ANDERSON COUNTY, S.C. (WSPA) – Howard Murphy has always had a passion for emergency medicine.

He started in EMS at age 15 in Anderson, but it was his two uncles who inspired him to do more with his services.

“Watching them go to drill and listen to their stories… I decided to join the South Carolina National Guard at age 17 and go into combat medicine,” Murphy told 7NEWS.

He then started college and transferred to Tennessee where he became a cadet.

There, Murphy received his commission as a Second Lieutenant in Armor and went into cavalry.

However, that’s just the tip of the iceberg for Murphy and his career.

“And it was all national guard until 2002,” he explained. “And this was after 11, September 2001. My civilian career at the time had me in northern Virginia. I was in the terrorism counteraction work on the civilian side.”

Murphy said there was a special unit that was created as an army reserve unit by Secretary Donald Rumsfeld, who was the Defense Secretary at the time.

“And I was recruited into that unit, mainly because of my civilian experience and expertise,” Murphy said.

There, Murphy served on active duty.

“And that really got me from the armor cavalry and back into medical services later in my national guard career into a specialized weapons of mass destruction, terrorism counteraction consequence management unit in the reserves,” according to Murphy.

Additionally, he was mobilized and deployed multiple times throughout his 34-year career.

“I was actually called up to to be the liaison officer, chief planner, strategic planner for the U.S.’s efforts to support the United Nations and the organization for prohibition of chemical weapons to demilitarize Syria’s chemical weapons program,” Murphy said. “And we destroyed hundreds of tons of a priority one chemical agents and precursors at sea.”
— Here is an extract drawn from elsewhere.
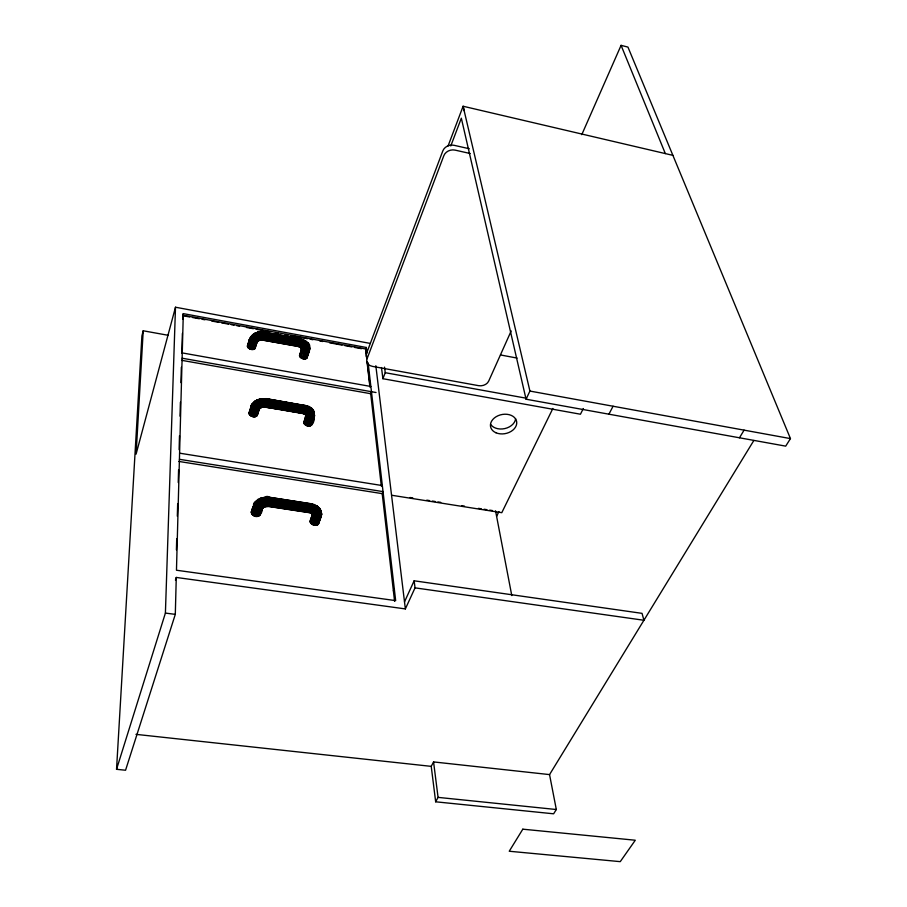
<?xml version="1.0" encoding="UTF-8"?>
<svg xmlns="http://www.w3.org/2000/svg" width="907" height="907" viewBox="0 0 907 907"><rect width="100%" height="100%" fill="white"/><g stroke="black" fill="none" stroke-linecap="round" stroke-linejoin="round"><path stroke-width="1.36" d="M176.411 549.903L176.718 538.679M177.319 516.208L177.67 503.566M178.237 482.501L178.577 469.86M179.121 449.713L179.495 435.734M180.028 416.177L180.402 402.209M180.935 382.652L181.355 367.278M181.854 353.106L182.386 333.447M182.76 319.411L182.874 315.194L365.782 348.98L366.904 358.73M168.317 335.318L143.215 330.783L141.911 335.93L116.538 769.306L125.563 770.236L175.3 614.368L176.275 577.442L405.361 608.914L415.043 587.861L414.136 580.797L642.043 613.359L643.925 620.263L415.043 587.861M366.984 353.061L366.337 347.483L183.305 313.629L176.468 570.231L395.667 600.627L368.117 362.8M116.538 769.306L165.403 613.075L175.493 307.224L370.396 343.447M264.118 498.533C255.513 493.397 261.896 512.081 265.638 505.494L264.549 505.857C260.32 513.396 251.704 496.084 261.817 499.292M143.215 330.783L136.095 454.124L175.493 307.224M310.568 425.791L313.947 416.721C315.409 423.184 309.321 429.612 304.321 423.898L306.634 416.869L305.523 414.272L303.981 413.173L305.251 413.898L306.906 411.948L308.085 408.898L307.904 406.245L266.057 398.649L259.992 398.955L260.604 404.046L262.191 407.084L257.837 409.363L255.162 416.755C252.441 417.628 247.021 414.442 249.879 411.585M307.802 344.513L309.162 345.442L309.559 347.835L307.042 356.236C308.085 359.625 302.734 359.444 301.045 357.834L303.085 349.603L301.668 347.744L298.482 346.02L299.287 346.451L300.285 344.343L300.818 338.923L263.608 332.007L257.837 332.245L258.427 336.962L260.014 339.83L255.797 342.177L253.268 349.467C250.785 350.193 245.536 347.347 248.235 344.705M302.507 339.808L305.829 341.077L306.249 342.268L303.822 346.621L301.668 347.744L300.523 346.859L302.224 349.955L300.036 356.893L301.045 357.834M258.733 400.656C255.026 397.98 257.679 405.78 259.345 406.801C260.026 408.808 262.531 406.211 260.411 407.254C257.441 409.613 259.289 415.746 255.162 416.755M308.833 345.057L308.856 349.524C311.35 355 299.106 353.129 301.782 348.016L299.537 355.861L300.036 356.893M302.065 347.551L299.537 355.861M255.026 333.232C262.645 330.692 250.434 333.436 256.001 337.801C261.783 342.937 255.672 338.696 254.856 348.707L253.268 349.467M309.117 407.447C318.595 408.365 307.156 420.735 304.82 413.093L306.283 416.358L304.321 423.898M308.629 352.29C310.251 347.268 305.546 342.767 300.852 342.064L263.733 335.239C255.74 333.481 248.699 340.012 248.314 347.948M309.026 351.927L309.752 348.311L308.754 346.973M309.287 351.508L309.752 348.311M308.38 344.739L307.258 342.676C310.432 345.567 302.915 351.134 300.659 347.256M305.988 415.769C305.455 419.113 310.228 420.689 312.824 419.556C314.48 414.601 309.627 410.338 305.058 409.737L266.091 403.059C258.132 401.37 250.99 407.697 250.547 415.667M311.52 425.111L314.593 415.576L313.595 411.642L314.468 416.12C312.892 419.227 306.543 419.023 306.044 415.27M310.67 522.976L313.176 515.845L311.985 513.09C314.525 518.623 324.173 508.736 317.609 507.342L315.829 505.766L318.278 507.41L319.457 509.405C325.704 513.022 313.187 519.768 312.382 513.203L312.598 516.321L310.307 522.341C311.611 525.402 317.745 526.922 318.788 522.999M310.092 521.684L312.541 514.02L310.307 522.341M310.058 521.049L312.473 514.45C311.781 518.339 317.62 520.38 320.386 518.237C322.28 512.806 316.588 508.43 311.702 507.886L269.832 501.458C261.329 499.848 253.053 505.925 252.395 514.711C257.69 519.666 262.951 513.657 262.338 507.432L262.894 506.446L259.765 515.301M320.386 518.237L321.702 514.326L320.999 510.641M320.84 517.761L321.656 513.691M262.928 507.648L263.62 506.389C260.558 516.038 246.738 505.108 257.622 500.12M303.981 423.331L306.033 413.887C306.033 420.565 319.241 414.204 312.382 409.476L310.772 409.023M321.123 517.205L321.214 511.231L319.332 507.954M263.449 497.569L263.62 502.591L265.411 506.548M309.162 345.442C310.319 349.694 301.441 351.814 301.124 346.984L301.884 349.501L299.718 356.372M255.751 401.268C250.706 401.982 259.425 412.027 260.4 406.699L256.84 415.882M314.468 416.12L313.935 412.084M311.793 424.646L311.679 423.013M303.8 422.764L305.115 420.565M257.939 341.009L255.649 340.635L253.45 338.458L252.327 335.941L253.336 334.524L251.681 336.293C247.135 339.003 257.735 345.658 258.234 339.808M301.691 349.014C308.856 357.392 314.446 341.928 304.038 341.213M262.769 507.648C259.821 512.092 250.944 503.464 256.851 501.707M262.214 508.668L262.361 508.079M260.082 514.757L260.026 512.863M299.503 355.351L300.795 353.889M301.498 349.524L302.28 348.265L300.274 354.149M252.395 514.711L251.341 512.183L254.516 504.122L251.5 511.582M254.107 402.957C245.548 405.588 257.656 415.599 259.753 407.935M259.629 408.422C257.089 411.064 251.624 407.22 252.316 403.887L254.822 401.302M183.305 313.629L182.749 315.693L189.665 316.974M257.135 415.417L258.665 408.978M254.856 348.707L255.094 346.814M257.248 341.746L257.611 340.465L257.135 341.429C256.624 346.531 245.876 341.089 250.729 338.198M265.502 399.783L266.057 398.649L305.171 405.474L304.854 410.542L303.834 413.093L302.802 413.241L306.589 414.624L308.471 417.968L306.078 425.338M247.396 345.907L249.504 339.127M247.407 346.406L249.788 338.742M247.566 346.928L249.81 339.683M247.883 347.449C248.269 339.286 255.615 332.688 263.79 334.479L300.965 341.315C305.126 342.086 309.276 345.261 309.4 349.773M175.436 580.129L176.275 577.442M248.881 348.401C249.232 340.771 255.887 334.298 263.642 336.032L300.693 342.835C308.629 343.708 310.307 352.97 305.976 358.73M249.527 348.798C249.856 341.531 256.057 335.137 263.529 336.826L300.5 343.606C308.187 344.445 309.48 353.424 305.364 358.889M250.253 349.116C250.559 342.256 256.239 335.941 263.404 337.585L300.285 344.343C307.677 345.148 308.539 353.809 304.673 358.957M251.012 349.354C251.318 342.937 256.432 336.701 263.268 338.288L300.036 345.023C307.133 345.794 307.518 354.115 303.936 358.923M251.795 349.49C252.101 343.538 256.613 337.37 263.132 338.901L299.786 345.612C306.566 346.361 306.453 354.331 303.165 358.775M252.554 349.535C252.883 344.048 256.794 337.926 262.985 339.411L299.525 346.089C306.01 346.814 305.376 354.433 302.416 358.548M253.903 349.308L256.375 342.154L259.946 340.057M254.436 349.048L256.964 340.907M255.264 347.336L257.135 341.429M255.139 348.299L257.146 341.928M248.983 412.946L251.205 406.019L252.497 404.953M248.994 413.501L251.5 405.576M249.176 414.068L251.942 405.225M249.493 414.635C250.003 406.109 257.849 399.67 266.25 401.416L305.353 408.127C310.307 408.796 315.579 413.445 313.788 418.83L312.824 419.556M249.958 415.179C250.434 406.892 257.973 400.509 266.193 402.22L305.228 408.921C313.607 409.658 315.965 419.351 311.112 425.496M251.239 416.098C251.647 408.49 258.302 402.232 265.978 403.887L304.854 410.542C312.756 411.234 314.378 420.395 309.922 425.984M251.999 416.438C252.384 409.261 258.495 403.071 265.853 404.669L304.627 411.313C312.235 411.971 313.391 420.814 309.196 426.075M252.804 416.676C253.166 409.964 258.688 403.83 265.706 405.395L304.367 412.005C311.668 412.651 312.314 421.143 308.425 426.052M253.62 416.812C253.971 410.576 258.869 404.511 265.558 406.019L304.094 412.606C311.09 413.229 311.192 421.358 307.62 425.916M254.414 416.846C254.788 411.086 259.051 405.055 265.4 406.529L303.834 413.093C310.5 413.683 310.047 421.472 306.827 425.678M255.831 416.562L258.45 409.295L261.216 407.164M256.398 416.268L258.382 410.213L260.309 407.719M300.489 357.381L302.689 350.363L302.031 348.481L299.979 347.018L301.668 346.168L303.119 343.549L303.743 340.828L303.165 339.592M301.702 358.231C304.741 354.24 305.183 346.451 298.562 346.395M251.341 512.183L254.051 504.553M251.352 512.818C252.101 503.51 261.035 497.331 269.957 498.997L311.917 505.46L317.767 507.671L321.259 511.865M251.545 513.464C252.271 504.247 261.091 498.09 269.946 499.746L311.906 506.197C316.396 506.9 321.395 509.938 321.566 514.949M251.897 514.11C252.588 505.063 261.193 498.941 269.901 500.573L311.827 507.024C316.214 507.705 321.101 510.652 321.271 515.55C319.219 518.282 313.765 518.09 312.575 514.654M306.487 358.469L309.366 350.533M306.883 358.129L309.412 351.032M253.019 515.267C253.643 506.798 261.488 500.766 269.73 502.365L311.52 508.77C319.956 509.235 322.586 518.872 317.359 524.949M253.756 515.732C254.334 507.659 261.658 501.684 269.606 503.249L311.305 509.632C319.479 510.085 321.645 519.428 316.679 525.198M254.572 516.094C255.105 508.476 261.851 502.546 269.47 504.077L311.056 510.437C318.935 510.868 320.59 519.892 315.897 525.323M255.434 516.355C255.933 509.201 262.055 503.328 269.311 504.825L310.772 511.163C318.346 511.582 319.434 520.255 315.069 525.323M256.318 516.48C256.783 509.836 262.248 503.997 269.152 505.46L310.489 511.775C317.733 512.172 318.221 520.505 314.207 525.198M257.169 516.491C257.633 510.346 262.429 504.53 268.982 505.947L310.194 512.251C317.133 512.648 316.997 520.618 313.357 524.938M257.973 516.366L260.853 508.861L265.615 505.993M258.688 516.117L261.511 508.748L264.311 506.752M259.3 515.754L262.338 507.432M303.766 422.209L306.271 415.304M304.571 420.859L306.271 416.086M304.797 424.431L307.133 417.311L305.001 414.102M305.387 424.918C307.348 421.381 309.695 415.134 304.094 413.603M311.872 423.58L314.151 417.277M299.287 346.451L262.611 340.091L263.733 335.239L263.37 332.336M366.337 347.483L365.6 349.444L366.088 353.628M448.115 145.868L463.103 106.244L672.892 155.358M450.79 145.948L461.334 118.193L526.06 399.216L785.7 446.142L790.462 438.603L627.95 47.096L621.08 45.35L581.772 134.678M311.18 523.577L313.709 516.355L311.43 512.988C314.616 515.947 320.318 507.603 316.384 505.721M311.815 524.121C315.591 519.677 315.171 513.045 309.072 512.149C310.353 512.308 311.486 514.008 312.598 512.319C314.185 510.924 316.781 503.895 313.074 504.87M312.552 524.575C315.806 520.607 316.543 512.965 309.911 512.568L268.438 506.276L268.302 505.426M319.513 519.167L321.429 513.079L320.511 511.99M317.938 524.597L321.203 515.97L320.613 514.711M318.38 524.133L321.203 515.97M370.464 394.092L371.462 391.711M583.326 408.535L580.446 414.216L382.89 378.707L385.248 372.698L384.534 367.12M394.59 601.341L382.198 493.635L383.037 491.617L179.427 459.316M393.389 590.82L394.296 588.802M511.185 330.93L488.669 381.144A7.97 5.975 -11.4 0 1 478.613 385.668L372.471 366.383A8.118 6.224 -6.8 0 1 367.018 358.889L443.806 155.743A9.013 7.641 -13.9 0 1 455.167 150.131L470.234 153.521M404.511 601.851L414.136 580.797M268.438 506.276C270.558 502.988 272.1 492.784 263.166 497.773M526.06 399.216L529.915 391.064L463.103 106.244L464.146 110.767M496.605 516.355L498.929 511.582M552.885 408.456L501.786 512.682L391.915 495.29M249.368 339.581L250.808 336.678M249.38 340.091L251.194 336.429M249.538 340.613C251.658 335.08 258.348 332.869 263.835 333.787L301.033 340.635C305.296 341.417 309.548 344.671 309.672 349.308M256.318 343.095L258.155 340.715M251.069 406.529L252.577 403.49M251.08 407.084L252.985 403.196M251.25 407.662C253.586 401.926 260.581 399.806 266.295 400.667L305.421 407.39L310.818 409.601L314.049 413.717M608.914 414.193L613.075 406.245M549.551 774.601L556.32 809.52L553.621 813.806L435.666 801.799L431.222 766.358L433.569 761.925L549.551 774.601L753.83 440.507M435.666 801.799L438.07 797.378L433.569 761.925M253.586 505.664L255.638 502.059M261.443 509.621L263.506 506.934M739.477 437.786L744.08 430.145M261.93 407.175L265.252 406.892L266.057 398.649M258.812 409.862L259.062 407.776M299.968 339.479L300.818 338.923M304.276 405.928L305.171 405.474M269.685 497.342L311.623 503.975C312.201 506.525 311.77 511.854 309.219 512.5M250.547 337.03L252.94 334.57M250.423 337.461C253.495 333.413 258.937 331.894 263.824 332.676L301.022 339.524M250.434 337.96C253.506 333.912 258.96 332.393 263.835 333.175L301.056 340.023L306.249 342.268M306.124 407.005C314.037 403.173 310.058 417.946 304.298 413.909M252.18 404.375L255.241 401.211M252.191 404.93C255.491 400.758 261.193 399.25 266.307 399.998L305.432 406.733L310.897 408.966L312.915 410.882M254.924 502.897L258.076 499.984L259.209 500.142M254.776 503.476L261.352 498.884M252.622 334.74L255.241 333.107M252.407 335.034L255.525 333.141M257.633 341.191L259.005 340.17M254.493 401.518L257.248 399.806M254.277 401.858L257.554 399.794M254.164 402.323L257.905 399.942M259.765 408.286L261.057 407.47M252.293 510.584L252.894 510.233M257.271 500.415L260.547 498.533M257.032 500.834L260.933 498.623M254.878 333.481L258.098 332.245M258.642 340.556L259.833 340.136M257.021 399.964L260.264 398.876L260.66 399.431M256.862 400.27L260.445 399.08M256.794 400.701L259.89 399.658L266.284 399.443L305.398 406.177L310.852 408.411M260.536 407.651L262.191 407.084M260.831 407.64L262.078 407.209M259.98 498.816L263.654 497.728L269.787 497.512M259.821 499.201L263.087 498.124L269.878 497.852L311.781 504.326L317.552 506.503M259.742 499.723L263.064 498.623L269.935 498.362L311.872 504.825L317.722 507.036L319.876 508.952M263.37 506.968L268.823 506.287M263.756 507.058L265.536 506.355M259.992 398.955L266.159 398.751M259.912 399.227L266.239 399.023M261.738 406.971L265.252 406.892L303.562 413.433M265.252 506.56L268.676 506.457M257.837 332.245L263.71 332.087M257.769 332.472C262.52 328.119 262.577 341.236 259.504 339.853M259.685 340.068L262.724 340.012M316.872 507.421L317.609 507.342M311.623 503.975L314.548 504.723M263.404 406.665L265.116 407.096M260.876 332.132L303.596 339.944M261.091 339.683L262.849 339.785M438.07 797.378L556.32 809.52M135.959 734.353L431.222 766.358M165.403 613.075L175.3 614.368M268.54 506.457L309.638 512.716M269.549 497.342L311.43 503.782M269.243 497.852L273.381 498.499M276.147 498.918L278.903 499.349M281.669 499.768L284.424 500.199M294.083 501.684L296.85 502.115M299.605 502.535L302.371 502.966M305.126 503.396L307.892 503.816M409.998 497.501L412.798 497.943M426.766 500.154L429.567 500.596M432.356 501.049L435.156 501.492M437.945 501.934L440.745 502.376M461.708 505.687L464.497 506.14M478.477 508.351L481.266 508.793M484.066 509.235L486.855 509.677M489.655 510.119L492.444 510.562M178.804 461.436L382.198 493.635M179.586 453.171L382.335 485.574M265.796 398.91L305.308 405.758M278.381 409.08L265.003 407.152M281.102 409.533L283.812 409.998M286.521 410.463L289.231 410.928M291.952 411.393L294.662 411.857M297.371 412.311L300.081 412.776M264.901 407.028L303.323 413.615M182.114 358.208L376.02 392.516M181.536 360.294L370.691 393.695L381.337 486.175M182.262 352.925L370.85 386.473M529.915 391.064L790.462 438.603M385.248 372.698L526.536 398.264M264.731 332.586L298.845 338.867M262.508 340.023L299.049 346.655M192.443 317.484L199.37 318.765M202.136 319.275L204.914 319.786M211.83 321.067L218.757 322.336M221.535 322.847L228.462 324.128M231.228 324.638L233.995 325.148M236.772 325.67L239.539 326.18M246.466 327.45L253.393 328.731M256.159 329.241L263.087 330.522M265.864 331.032L268.631 331.543M275.558 332.824L278.324 333.334M285.252 334.615L288.029 335.125M290.796 335.635L307.416 338.708M310.194 339.218L312.96 339.728M319.888 341.009L322.654 341.52M329.581 342.801L342.052 345.102M344.819 345.612L351.746 346.893M354.524 347.404L361.451 348.685M263.495 332.098L299.072 338.651M500.494 354.954L517.103 358.084M469.293 148.748L454.124 145.313A8.979 7.619 -14 0 0 442.809 150.913L366.428 353.73A8.095 6.224 -6.8 0 0 366.315 356.961M310.931 503.918L313.516 504.587M302.927 413.524L304.877 414.057M304.775 405.395L310.704 407.969M304.537 405.588L308.097 406.54M298.686 346.633L300.534 347.098M300.444 338.901L303.414 339.694M300.217 339.116L306.215 341.769L308.142 343.662M312.507 411.03L313.108 411.29M310.67 512.874L312.11 513.668M313.913 504.462L317.269 506.106M302.859 339.626L306.078 341.361M316.872 505.834L319.672 508.408M310.081 407.436L312.688 409.851M309.627 407.368L312.87 410.327M305.058 340.885L308.176 344.161M306.01 415.134L305.523 414.272M318.867 507.614L320.103 509.711M311.94 409.204L314.173 413.138M307.677 342.903L309.378 346.395M621.08 45.35L665.33 153.589M495.539 510.8L511.786 595.57M320.625 510.131L321.044 512.5M381.496 367.539L382.89 378.707M375.827 365.725L405.361 608.914M367.222 361.508L370.113 386.586M367.21 363.378L369.931 387.051M263.427 406.926L263.177 398.729M266.601 497.331L266.839 505.845M515.618 418.819A13.242 9.682 -11.7 0 1 504.859 428.569A13.242 9.682 -11.7 0 1 490.71 424.476M522.817 829.179L509.235 851.242L620.252 861.65L635.285 840.233L522.817 829.179M495.982 432.775A13.288 9.682 -11.7 0 0 516.695 423.728A13.288 9.682 -11.7 0 0 498.079 415.712A13.288 9.682 -11.7 0 0 495.982 432.775"/></g></svg>

In June 2019, Murphy eventually retired as a Colonel.

But of course, his story continues.

“I’ve really transitioned over the last dozen years off of the streets and into administration,” Murphy said.

Now he works as a part-time Command Officer with Anderson County EMS and the Sheriff’s Office Emergency Management Division as a coordinator.

He still finds the time to be a professor at Anderson University teaching homeland security and emergency services.

“I really feel my my job is to share what I’ve learned, with my students and with others who who have that need,” Murphy shared. “And I want to put them on my shoulders, so they can achieve even greater things than I achieved.”

As his career focus has changed, Murphy said he’s grateful to his mentors and to be able to love what he does every day.

Howard Murphy, Thank You for Your Service.